Шолом-Алейхем
Горшок
– Ребе, я к вам по важному делу. Вы, наверное, меня не знаете, а может, и знаете, ведь я Ента, Ента Куролапа. Я торгую яйцами, значит, да курами, курами да гусями. У меня свои постоянные покупательницы, дай им бог здоровья, они меня выручают. А как же! Заставь меня платить
Но я вовсе не об этом хотела, я о другом. Вот вы сказали, мол, рано умер. Еще бы не рано, ведь моему покойнику, моему Мойше Бенциону, было всего двадцать шесть, когда он умер. Почему двадцать шесть? Судите сами! Девятнадцать ему сравнялось в год нашей свадьбы, да после его смерти пробежало как-никак восемь годочков. Вот и выходит, по моему расчету, двадцать три.
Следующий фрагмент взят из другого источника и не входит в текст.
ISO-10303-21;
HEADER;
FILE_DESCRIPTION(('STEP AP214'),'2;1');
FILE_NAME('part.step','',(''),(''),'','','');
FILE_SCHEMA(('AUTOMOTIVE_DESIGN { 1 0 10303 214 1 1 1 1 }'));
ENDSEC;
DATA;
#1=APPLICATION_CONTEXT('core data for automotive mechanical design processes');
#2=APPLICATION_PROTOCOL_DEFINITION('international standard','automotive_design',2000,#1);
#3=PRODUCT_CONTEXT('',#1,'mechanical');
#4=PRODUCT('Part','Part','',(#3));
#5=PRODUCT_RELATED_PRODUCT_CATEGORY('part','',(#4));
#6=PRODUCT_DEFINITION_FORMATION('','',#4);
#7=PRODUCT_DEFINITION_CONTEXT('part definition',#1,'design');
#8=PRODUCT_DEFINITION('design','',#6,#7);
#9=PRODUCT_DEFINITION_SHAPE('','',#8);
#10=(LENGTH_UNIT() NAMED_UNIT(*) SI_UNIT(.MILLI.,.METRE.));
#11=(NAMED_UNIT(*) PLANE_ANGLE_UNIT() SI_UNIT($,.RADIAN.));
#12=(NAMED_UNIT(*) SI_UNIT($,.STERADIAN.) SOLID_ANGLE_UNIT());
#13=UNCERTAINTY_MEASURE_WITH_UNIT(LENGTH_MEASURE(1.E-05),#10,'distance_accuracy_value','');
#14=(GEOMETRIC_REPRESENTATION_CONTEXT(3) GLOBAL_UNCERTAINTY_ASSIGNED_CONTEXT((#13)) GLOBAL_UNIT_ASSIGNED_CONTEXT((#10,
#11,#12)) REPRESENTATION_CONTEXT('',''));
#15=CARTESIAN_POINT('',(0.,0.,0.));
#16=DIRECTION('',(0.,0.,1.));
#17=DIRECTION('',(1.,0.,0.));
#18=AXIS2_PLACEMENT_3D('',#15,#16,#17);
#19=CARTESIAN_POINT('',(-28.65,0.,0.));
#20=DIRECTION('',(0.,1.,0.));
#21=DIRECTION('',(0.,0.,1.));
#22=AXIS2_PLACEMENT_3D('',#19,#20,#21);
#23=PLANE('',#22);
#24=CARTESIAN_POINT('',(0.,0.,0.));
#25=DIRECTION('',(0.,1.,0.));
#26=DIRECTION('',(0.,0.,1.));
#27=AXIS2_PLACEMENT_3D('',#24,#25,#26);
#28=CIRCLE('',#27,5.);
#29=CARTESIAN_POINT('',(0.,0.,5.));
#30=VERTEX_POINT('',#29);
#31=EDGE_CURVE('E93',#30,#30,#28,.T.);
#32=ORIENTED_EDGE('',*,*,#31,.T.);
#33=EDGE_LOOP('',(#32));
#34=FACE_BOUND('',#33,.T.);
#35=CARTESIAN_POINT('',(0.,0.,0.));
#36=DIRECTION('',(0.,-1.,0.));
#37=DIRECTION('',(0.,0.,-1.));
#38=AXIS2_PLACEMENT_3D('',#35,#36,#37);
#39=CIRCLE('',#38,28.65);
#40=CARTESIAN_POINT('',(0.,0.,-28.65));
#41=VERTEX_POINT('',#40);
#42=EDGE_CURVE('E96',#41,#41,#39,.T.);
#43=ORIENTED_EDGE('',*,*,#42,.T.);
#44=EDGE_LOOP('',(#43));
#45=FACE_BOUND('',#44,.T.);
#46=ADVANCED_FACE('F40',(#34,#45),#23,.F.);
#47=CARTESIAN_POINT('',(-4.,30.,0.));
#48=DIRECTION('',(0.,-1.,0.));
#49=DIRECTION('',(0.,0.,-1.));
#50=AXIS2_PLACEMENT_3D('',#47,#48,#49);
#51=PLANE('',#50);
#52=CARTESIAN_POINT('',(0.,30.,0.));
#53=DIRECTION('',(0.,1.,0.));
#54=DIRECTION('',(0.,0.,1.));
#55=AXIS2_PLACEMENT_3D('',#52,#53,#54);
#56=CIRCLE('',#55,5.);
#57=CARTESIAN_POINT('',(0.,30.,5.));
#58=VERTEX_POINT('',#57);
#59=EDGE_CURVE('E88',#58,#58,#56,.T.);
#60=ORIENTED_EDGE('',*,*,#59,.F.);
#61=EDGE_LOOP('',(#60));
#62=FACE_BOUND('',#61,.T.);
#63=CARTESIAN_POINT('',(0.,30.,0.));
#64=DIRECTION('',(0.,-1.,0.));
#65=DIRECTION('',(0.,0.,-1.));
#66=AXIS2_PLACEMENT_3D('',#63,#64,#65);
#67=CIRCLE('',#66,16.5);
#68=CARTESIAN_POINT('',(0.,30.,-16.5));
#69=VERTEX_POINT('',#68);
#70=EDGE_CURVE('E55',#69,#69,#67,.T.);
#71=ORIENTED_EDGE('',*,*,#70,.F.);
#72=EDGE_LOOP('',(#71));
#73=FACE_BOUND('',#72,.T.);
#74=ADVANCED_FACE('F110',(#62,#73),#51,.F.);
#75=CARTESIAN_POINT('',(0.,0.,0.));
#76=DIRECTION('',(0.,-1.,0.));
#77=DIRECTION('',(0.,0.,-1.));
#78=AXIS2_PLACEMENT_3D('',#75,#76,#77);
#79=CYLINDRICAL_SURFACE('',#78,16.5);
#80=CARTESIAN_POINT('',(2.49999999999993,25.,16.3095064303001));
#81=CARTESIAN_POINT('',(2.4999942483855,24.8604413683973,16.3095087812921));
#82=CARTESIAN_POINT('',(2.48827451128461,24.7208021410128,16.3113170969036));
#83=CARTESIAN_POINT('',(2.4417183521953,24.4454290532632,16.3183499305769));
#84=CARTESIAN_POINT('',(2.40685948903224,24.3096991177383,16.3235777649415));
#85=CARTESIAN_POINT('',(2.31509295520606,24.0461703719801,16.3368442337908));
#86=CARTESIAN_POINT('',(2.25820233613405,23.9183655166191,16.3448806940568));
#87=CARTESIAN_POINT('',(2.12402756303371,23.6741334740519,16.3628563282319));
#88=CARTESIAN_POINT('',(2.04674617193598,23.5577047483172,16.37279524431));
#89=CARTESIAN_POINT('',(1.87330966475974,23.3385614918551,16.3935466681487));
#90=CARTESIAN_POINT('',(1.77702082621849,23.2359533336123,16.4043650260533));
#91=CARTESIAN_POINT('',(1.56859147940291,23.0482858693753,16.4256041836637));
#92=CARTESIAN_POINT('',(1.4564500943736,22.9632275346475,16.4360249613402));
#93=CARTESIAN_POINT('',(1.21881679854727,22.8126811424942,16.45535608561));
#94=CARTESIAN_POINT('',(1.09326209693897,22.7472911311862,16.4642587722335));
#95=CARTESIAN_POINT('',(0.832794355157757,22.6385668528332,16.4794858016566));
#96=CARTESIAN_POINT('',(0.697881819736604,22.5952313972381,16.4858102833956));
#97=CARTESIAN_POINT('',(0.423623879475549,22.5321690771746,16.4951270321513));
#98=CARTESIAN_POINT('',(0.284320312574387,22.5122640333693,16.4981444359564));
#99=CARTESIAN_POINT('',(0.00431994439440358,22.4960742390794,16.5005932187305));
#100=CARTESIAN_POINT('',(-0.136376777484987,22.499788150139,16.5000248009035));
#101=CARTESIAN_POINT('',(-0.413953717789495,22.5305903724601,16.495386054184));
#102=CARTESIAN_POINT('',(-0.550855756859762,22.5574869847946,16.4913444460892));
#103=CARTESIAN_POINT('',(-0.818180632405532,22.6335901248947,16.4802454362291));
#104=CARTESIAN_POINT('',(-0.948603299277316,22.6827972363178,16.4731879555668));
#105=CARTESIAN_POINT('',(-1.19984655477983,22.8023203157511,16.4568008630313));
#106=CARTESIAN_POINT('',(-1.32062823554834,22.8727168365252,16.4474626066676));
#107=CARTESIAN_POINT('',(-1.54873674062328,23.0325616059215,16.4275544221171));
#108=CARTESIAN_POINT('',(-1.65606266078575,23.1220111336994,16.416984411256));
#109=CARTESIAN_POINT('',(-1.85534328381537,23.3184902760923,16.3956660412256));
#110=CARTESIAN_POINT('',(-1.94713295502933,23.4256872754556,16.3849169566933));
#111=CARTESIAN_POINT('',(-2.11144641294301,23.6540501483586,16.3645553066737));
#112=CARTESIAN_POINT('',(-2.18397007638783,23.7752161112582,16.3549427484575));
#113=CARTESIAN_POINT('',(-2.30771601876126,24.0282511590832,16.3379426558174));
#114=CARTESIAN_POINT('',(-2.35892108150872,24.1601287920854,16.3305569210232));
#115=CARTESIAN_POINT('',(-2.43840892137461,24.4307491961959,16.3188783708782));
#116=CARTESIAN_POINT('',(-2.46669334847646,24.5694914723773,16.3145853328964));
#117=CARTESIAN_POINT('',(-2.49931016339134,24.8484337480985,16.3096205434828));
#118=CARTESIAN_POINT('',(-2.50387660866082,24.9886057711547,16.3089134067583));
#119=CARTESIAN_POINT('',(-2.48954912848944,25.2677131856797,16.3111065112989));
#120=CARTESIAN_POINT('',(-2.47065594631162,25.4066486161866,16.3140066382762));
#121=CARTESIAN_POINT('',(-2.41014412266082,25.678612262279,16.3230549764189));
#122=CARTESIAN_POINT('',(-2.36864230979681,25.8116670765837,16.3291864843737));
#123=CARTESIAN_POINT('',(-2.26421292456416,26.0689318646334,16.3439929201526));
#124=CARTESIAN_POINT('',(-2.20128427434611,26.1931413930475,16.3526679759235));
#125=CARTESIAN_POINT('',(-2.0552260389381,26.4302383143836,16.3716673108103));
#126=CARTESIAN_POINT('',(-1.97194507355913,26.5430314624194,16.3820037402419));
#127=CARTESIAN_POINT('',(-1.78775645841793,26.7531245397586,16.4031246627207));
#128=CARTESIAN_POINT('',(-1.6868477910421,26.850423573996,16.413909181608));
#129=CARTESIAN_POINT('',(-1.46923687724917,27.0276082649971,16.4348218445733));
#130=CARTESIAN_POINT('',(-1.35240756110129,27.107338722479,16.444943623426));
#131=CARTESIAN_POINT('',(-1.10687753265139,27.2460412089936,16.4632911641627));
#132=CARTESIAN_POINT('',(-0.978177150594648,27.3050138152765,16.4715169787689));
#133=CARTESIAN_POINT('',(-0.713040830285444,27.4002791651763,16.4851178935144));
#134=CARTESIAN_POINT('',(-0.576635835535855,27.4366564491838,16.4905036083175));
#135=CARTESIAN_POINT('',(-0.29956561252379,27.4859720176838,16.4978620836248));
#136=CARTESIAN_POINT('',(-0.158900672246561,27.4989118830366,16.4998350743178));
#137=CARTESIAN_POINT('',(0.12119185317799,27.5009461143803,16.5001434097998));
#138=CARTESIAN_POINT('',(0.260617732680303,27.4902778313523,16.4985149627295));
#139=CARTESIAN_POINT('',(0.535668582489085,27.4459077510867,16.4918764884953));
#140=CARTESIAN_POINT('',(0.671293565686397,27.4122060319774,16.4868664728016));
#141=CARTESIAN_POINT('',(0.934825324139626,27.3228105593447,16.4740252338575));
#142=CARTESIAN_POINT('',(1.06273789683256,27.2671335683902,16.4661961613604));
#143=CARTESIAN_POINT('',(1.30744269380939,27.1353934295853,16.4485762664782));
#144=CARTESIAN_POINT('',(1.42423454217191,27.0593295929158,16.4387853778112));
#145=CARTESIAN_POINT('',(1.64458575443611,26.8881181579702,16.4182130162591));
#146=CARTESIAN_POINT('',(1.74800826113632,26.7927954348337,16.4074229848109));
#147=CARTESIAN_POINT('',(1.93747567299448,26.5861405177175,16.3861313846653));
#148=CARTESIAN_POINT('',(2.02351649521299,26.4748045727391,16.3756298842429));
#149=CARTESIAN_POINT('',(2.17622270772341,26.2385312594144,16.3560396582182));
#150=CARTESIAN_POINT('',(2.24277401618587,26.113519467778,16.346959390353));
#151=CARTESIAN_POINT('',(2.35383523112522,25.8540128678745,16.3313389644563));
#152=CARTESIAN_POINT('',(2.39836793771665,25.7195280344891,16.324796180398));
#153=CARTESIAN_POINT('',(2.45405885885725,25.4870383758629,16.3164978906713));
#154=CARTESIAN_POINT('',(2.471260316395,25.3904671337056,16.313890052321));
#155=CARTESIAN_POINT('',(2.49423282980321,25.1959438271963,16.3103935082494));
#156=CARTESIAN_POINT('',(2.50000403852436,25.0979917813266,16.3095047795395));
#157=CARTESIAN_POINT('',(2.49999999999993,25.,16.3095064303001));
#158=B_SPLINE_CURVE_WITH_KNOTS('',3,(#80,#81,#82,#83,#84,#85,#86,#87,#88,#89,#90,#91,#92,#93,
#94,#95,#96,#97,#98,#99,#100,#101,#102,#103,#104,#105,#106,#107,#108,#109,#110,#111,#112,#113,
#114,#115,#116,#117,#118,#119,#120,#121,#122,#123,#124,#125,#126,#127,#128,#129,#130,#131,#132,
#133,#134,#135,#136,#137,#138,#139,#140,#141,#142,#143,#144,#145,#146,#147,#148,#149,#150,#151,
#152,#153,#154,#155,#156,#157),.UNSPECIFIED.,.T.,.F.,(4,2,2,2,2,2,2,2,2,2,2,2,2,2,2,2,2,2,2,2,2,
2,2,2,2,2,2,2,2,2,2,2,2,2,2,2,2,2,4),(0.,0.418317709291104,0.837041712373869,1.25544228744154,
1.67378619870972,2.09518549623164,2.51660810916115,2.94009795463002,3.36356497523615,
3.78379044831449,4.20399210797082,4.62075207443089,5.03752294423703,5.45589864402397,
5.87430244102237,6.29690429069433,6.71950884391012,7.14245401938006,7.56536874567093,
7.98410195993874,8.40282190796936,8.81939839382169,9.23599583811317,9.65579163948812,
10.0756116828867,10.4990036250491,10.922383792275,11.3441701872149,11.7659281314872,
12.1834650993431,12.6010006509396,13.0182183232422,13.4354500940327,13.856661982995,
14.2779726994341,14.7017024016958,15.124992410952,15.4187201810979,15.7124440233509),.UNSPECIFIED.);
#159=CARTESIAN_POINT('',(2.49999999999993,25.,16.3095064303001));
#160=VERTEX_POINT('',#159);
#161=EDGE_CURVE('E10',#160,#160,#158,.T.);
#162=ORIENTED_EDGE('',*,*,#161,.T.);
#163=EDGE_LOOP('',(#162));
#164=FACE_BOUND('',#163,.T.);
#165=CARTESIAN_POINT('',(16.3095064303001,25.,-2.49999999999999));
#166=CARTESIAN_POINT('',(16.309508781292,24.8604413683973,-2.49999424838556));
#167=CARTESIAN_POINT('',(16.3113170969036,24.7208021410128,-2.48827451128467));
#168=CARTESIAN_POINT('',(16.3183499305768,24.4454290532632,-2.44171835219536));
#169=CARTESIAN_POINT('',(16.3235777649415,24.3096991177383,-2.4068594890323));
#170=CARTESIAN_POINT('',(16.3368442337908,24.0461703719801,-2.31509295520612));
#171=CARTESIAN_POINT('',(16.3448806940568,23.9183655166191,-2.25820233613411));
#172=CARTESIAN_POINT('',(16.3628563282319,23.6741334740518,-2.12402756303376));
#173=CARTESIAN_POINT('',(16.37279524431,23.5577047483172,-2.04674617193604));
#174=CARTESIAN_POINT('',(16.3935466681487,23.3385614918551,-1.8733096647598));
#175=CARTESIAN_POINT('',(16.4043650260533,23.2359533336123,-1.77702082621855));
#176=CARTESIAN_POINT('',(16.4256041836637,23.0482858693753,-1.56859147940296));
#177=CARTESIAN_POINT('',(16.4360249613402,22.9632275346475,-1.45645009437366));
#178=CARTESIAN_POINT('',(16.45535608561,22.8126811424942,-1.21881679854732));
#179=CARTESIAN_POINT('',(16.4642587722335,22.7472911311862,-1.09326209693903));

Почему не двадцать шесть? Потому что семь лет его болезни я не считаю. Он, конечно, хворал гораздо дольше, он, может, всю жизнь был хворый, верней, всю-то жизнь он, конечно, был здоровый, вот разве только что кашель, он всегда кашлял, избави нас бог… Впрочем, вовсе не всегда, а только когда кашель нападет. Зато уж как примется кашлять, будет кашлять и кашлять, весь изойдет кашлем. Врачи говорили, что это, мол, у него спазмы такие, хочешь – кашляй, хочешь – не кашляй! Это сущая чепуха и ерунда, от них, от врачей, толку, как от козла молока. Взять, к примеру, сына Арона-резника, вы его должны знать, Иокл его звать. Как-то схватило у него зубы; чего только с ним не делали: и кололи и мололи, а толку чуть. Маялся Иокл, маялся, потом взял и засунул себе в ухо чесноку, говорят, чеснок здорово от зубов помогает. Ему и вовсе невтерпеж стало, от боли на стенки лезет. Врач – тут как тут, и давай у Иокла пульс щупать. Дурак этакий, при чем тут пульс? Хорошо, что Иокла отвезли в Егупец, иначе он бы как пить дать отправился вслед за своей сестрой Перл, она, бедняжка, скончалась от сглазу во время родов, избави вас бог от этого…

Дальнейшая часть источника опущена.